The breeze has gone round to the northwest. We are trundling down the kyle, which is what they call a limb of the sea in these parts, lee side dug in, tearing a white vee from the dark-green sea. To port the hills rise, the bracken already going the colour of rusty iron. The year is on the turn, and if you use a little imagination you can smell ice in the breeze.
The kyle is broadening out now. A Norwegian ship loaded with cut sitka logs is coming up. Down with the helm to show him our port side, and he chugs on, carrying the industrial pinewoods of Scotland to their new home in the wood-pellet factories of Norway. Wave away the black plume from his funnel, and proceed.
A flight of ducks across the sea ahead: mergansers, looking with their quiffs as if they are off to play rockabilly among the moorings. How does a duck know where it is going? Brain the size of a lentil which does better work than a GPS with all its satellites. Not even NASA can build a duck.
We have slid out of the kyle and into open water. A black shadow of wind comes tearing towards us. At the beginning of the season it would have seemed a good idea to heave-to and take a reef. But we are properly in practice now. The cockpit sole tilts underfoot, and there is a slight pressure of acceleration in the knees as the hull does the magic surge and settles into the trough between the bow wave and the stern wave, at hull speed.

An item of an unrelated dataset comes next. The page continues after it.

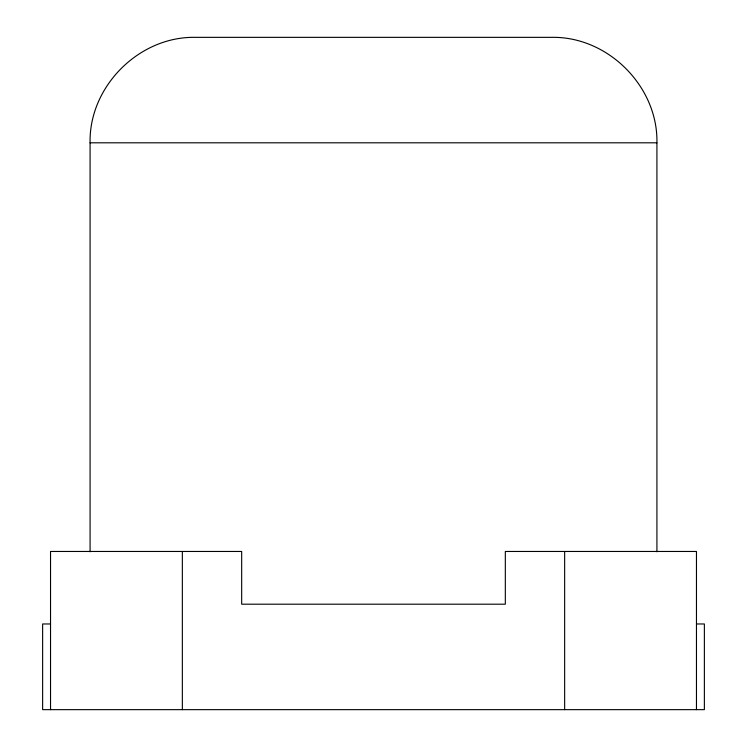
<?xml version="1.0" encoding="UTF-8"?>
<svg xmlns="http://www.w3.org/2000/svg" width="747" height="747" viewBox="0 0 747 747"><rect width="100%" height="100%" fill="white"/><g stroke="black" fill="none" stroke-linecap="round" stroke-linejoin="round"><path stroke-width="1.12" d="M90.079 551.762L90.079 142.808C88.893 86.437 139.166 36.164 195.537 37.35L551.463 37.35C607.834 36.164 658.107 86.437 656.921 142.808L656.921 551.762M90.079 142.808L656.921 142.808M50.535 623.969L42.626 623.969L42.626 709.65L704.374 709.65L704.374 623.969L696.465 623.969M696.465 709.65L696.465 551.463L505.327 551.463L505.327 604.192L241.673 604.192L241.673 551.463L50.535 551.463L50.535 709.65M564.648 551.463L564.648 709.65M182.352 551.463L182.352 709.65"/></g></svg>

Ah, hull speed. 1.34 times the square root of the waterline length of the boat in feet. Ponder for a moment how to determine the square root of twenty-four in the head. Difficult. It is easier in metres, but the formula uses imperial measurements, not metric, and knots and sea miles and cables are imperial measurements themselves, a sea mile being one twenty-four thousandth of the diameter of the Earth at the equator. So metric measurement at sea is nonsense. Shake head at the vanity of human folly.
This movement produces a slight gap between collar and neck. The boat crunches into a wave. A packet of spray sails aft, and crashes into the gap and trickles down the spine. Calculations mathematical and philosophical vanish. The sea has turned an ugly black, and there are little white teeth of foam along the tops of the waves, and now we are, frankly, overpowered, and the wandering of the mind has distracted us from one of the Eternal Truths, viz. that if you think it might be time to put a reef in, it is time to put a reef in.
So it is set jib and mizzen, and let off mainsheet, and haul on the topping lift, and slack off some main halyard, and tack on the reefing hook, and haul down the clew, and harden up the halyard again, and back to the wheel to sheet in, the heart beating brisk and cheerful with the exercise. We are hurdling long seas in a hard wind, but the violence has gone out of the heel. Now we are tearing along, hull speed again, and the hills behind the next anchorage is climbing out of the horizon.
Lunch, then round the headland. We are in flat water, and there are the visitors' moorings, two boats to a dozen buoys this late in the season. Ease sheets. Douse the genoa. Glide up on the mooring, seven tons, how beautifully she does carry her way. Pennant on Samson post. Main and mizzen tumble into their lazyjacks. Down into the warm cabin. Cup of tea.